# Book Recommendation



## jezr74 (Apr 21, 2013)

I've browsed through the history of posts on books in particular about Wing Chun. But thought I'd re-ask since the last time appears to be back in 2009.

Can anyone recommend a book on Wing Chun that has a good balance on the history and philosophy with the style mechanics and form?

Thanks,

Jez


----------



## Vajramusti (Apr 22, 2013)

jezr74 said:


> I've browsed through the history of posts on books in particular about Wing Chun. But thought I'd re-ask since the last time appears to be back in 2009.
> 
> Can anyone recommend a book on Wing Chun that has a good balance on the history and philosophy with the style mechanics and form?
> 
> ...


-----------------------------------------------
I am sure you will get suggestions. But a competent wing chun sifu can be far more informative than any book.


----------



## jezr74 (Apr 22, 2013)

Vajramusti said:


> -----------------------------------------------
> I am sure you will get suggestions.
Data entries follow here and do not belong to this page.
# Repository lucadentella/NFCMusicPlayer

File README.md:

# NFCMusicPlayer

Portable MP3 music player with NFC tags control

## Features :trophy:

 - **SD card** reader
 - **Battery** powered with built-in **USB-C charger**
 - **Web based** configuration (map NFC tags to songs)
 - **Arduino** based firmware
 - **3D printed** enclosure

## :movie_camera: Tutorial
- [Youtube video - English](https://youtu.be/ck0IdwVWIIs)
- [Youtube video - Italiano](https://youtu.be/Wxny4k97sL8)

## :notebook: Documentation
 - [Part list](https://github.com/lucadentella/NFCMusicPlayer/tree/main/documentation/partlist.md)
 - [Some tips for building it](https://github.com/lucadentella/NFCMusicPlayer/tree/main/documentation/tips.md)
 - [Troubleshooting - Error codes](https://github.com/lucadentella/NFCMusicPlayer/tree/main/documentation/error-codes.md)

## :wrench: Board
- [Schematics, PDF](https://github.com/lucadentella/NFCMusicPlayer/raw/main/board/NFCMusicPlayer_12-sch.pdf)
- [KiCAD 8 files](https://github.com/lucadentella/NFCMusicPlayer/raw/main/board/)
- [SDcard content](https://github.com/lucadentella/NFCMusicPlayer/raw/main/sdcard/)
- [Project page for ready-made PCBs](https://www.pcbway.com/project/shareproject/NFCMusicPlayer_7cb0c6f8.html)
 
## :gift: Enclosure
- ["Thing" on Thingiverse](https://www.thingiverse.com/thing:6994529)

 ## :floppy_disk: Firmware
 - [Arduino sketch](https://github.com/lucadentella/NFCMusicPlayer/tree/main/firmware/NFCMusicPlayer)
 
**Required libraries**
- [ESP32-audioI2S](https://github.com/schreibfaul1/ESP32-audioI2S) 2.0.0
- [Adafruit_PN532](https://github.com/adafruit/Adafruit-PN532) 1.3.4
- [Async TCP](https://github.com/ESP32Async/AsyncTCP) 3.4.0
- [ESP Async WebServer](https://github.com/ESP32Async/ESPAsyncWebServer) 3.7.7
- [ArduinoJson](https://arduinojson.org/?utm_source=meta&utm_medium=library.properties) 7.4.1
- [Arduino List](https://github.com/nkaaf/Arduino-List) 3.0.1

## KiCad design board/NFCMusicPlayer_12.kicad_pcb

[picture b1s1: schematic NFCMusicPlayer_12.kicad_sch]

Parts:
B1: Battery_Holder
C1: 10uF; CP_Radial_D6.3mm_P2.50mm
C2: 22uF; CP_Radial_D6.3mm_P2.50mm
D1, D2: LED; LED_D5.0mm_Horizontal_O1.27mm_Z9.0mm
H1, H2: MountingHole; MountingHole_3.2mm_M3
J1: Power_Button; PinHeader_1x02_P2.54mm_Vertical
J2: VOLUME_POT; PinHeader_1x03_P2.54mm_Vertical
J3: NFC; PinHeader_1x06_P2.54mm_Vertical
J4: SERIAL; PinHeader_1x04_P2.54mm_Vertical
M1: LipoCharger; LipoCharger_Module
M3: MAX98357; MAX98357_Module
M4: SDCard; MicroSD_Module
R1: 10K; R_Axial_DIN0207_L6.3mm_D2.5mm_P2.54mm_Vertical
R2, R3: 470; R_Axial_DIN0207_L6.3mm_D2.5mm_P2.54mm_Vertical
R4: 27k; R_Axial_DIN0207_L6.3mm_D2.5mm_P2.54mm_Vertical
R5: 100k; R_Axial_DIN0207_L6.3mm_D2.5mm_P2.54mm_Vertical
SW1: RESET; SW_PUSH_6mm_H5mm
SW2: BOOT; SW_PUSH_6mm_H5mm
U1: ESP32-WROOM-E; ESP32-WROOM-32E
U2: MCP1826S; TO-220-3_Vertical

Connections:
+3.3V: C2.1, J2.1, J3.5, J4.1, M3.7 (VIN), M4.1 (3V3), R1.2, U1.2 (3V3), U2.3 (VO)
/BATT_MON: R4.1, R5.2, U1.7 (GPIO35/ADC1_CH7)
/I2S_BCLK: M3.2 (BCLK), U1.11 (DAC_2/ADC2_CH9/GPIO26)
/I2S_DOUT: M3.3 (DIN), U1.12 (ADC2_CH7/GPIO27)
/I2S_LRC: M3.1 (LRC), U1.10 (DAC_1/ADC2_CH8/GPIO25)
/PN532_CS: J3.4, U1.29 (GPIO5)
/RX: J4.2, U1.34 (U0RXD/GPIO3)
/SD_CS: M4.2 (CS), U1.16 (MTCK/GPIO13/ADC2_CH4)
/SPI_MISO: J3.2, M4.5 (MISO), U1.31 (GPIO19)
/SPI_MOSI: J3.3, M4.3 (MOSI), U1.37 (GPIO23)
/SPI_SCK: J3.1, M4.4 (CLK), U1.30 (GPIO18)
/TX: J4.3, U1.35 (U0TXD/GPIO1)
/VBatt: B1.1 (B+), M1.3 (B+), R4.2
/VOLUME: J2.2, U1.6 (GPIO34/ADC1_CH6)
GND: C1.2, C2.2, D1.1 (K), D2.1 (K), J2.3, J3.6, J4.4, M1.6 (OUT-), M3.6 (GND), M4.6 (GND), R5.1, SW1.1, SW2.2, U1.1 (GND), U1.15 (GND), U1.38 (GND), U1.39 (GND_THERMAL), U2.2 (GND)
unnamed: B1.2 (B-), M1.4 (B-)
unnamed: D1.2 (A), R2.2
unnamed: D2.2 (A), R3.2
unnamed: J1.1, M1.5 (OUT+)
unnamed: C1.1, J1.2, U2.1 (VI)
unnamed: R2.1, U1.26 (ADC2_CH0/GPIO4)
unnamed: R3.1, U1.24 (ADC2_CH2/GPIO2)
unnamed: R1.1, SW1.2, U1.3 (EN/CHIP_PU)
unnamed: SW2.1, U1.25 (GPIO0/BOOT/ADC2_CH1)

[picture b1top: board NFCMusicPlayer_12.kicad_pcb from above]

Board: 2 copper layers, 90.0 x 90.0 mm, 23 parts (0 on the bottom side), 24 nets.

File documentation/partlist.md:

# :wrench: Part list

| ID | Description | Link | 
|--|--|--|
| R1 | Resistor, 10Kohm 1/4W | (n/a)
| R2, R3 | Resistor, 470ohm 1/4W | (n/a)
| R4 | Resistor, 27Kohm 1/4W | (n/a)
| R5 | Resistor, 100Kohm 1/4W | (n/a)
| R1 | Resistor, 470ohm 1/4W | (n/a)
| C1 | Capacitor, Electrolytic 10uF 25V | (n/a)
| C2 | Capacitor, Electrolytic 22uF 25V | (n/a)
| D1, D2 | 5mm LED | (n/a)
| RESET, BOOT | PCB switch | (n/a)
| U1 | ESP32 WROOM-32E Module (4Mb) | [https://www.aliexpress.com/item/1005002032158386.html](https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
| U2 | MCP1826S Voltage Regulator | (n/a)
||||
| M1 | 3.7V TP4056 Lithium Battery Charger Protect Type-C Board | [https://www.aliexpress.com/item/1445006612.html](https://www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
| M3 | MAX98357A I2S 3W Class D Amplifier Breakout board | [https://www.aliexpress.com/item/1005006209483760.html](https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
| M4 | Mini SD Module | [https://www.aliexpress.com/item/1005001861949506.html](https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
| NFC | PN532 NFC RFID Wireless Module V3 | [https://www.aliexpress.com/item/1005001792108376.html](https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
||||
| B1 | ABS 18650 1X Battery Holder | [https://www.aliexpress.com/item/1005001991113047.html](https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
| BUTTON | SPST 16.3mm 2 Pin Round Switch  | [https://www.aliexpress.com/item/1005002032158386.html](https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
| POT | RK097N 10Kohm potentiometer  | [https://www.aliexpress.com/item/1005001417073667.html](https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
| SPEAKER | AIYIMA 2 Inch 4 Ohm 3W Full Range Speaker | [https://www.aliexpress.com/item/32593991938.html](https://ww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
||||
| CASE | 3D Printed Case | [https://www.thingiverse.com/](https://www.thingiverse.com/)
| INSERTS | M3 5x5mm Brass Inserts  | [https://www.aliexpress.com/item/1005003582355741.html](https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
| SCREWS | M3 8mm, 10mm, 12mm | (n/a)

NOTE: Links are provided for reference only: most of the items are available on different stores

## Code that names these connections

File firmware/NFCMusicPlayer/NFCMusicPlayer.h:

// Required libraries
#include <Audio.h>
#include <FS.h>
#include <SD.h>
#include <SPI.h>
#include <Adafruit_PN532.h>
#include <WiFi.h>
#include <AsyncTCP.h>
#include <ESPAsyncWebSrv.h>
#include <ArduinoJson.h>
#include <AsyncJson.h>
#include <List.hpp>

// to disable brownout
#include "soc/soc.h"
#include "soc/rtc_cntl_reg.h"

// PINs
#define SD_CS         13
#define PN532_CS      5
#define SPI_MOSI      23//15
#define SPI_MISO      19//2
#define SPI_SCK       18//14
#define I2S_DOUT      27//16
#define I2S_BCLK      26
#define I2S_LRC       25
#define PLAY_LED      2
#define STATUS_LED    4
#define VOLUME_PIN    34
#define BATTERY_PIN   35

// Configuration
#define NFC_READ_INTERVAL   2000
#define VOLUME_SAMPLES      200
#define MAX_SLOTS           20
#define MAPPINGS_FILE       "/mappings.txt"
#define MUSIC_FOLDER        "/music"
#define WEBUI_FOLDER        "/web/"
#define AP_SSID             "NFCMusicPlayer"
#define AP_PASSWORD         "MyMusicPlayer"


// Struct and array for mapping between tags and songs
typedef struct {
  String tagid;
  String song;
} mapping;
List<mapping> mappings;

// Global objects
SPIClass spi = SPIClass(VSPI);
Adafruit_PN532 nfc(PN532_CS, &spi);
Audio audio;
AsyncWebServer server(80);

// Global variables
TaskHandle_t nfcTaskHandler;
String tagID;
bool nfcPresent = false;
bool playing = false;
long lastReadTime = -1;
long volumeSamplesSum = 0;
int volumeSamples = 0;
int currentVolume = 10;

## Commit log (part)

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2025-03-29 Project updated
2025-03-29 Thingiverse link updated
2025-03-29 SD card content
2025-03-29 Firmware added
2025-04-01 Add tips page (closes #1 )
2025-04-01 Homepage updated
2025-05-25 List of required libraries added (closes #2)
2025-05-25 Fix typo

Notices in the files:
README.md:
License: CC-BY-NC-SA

But a competent wing chun sifu can be far more informative than any book.



Obsolutely agree, I like learning a little about the style while I'm looking for a school in the area. I appear to have a few options in the area around Boston, and have been tracking through this site on info on the Sifus with varying results.

But none the less I enjoy reading about the history and backgrounds of diffrent martial arts.


----------



## Xue Sheng (Apr 22, 2013)

*Books by Ip Chun
*
_Wing Chun Kung Fu: Traditional Chinese Kung Fu for Self-Defense and Health 

Wing-Chun Martial Arts: Principles & Techniques 
_
*Book by Ip Ching* (This one I have not read)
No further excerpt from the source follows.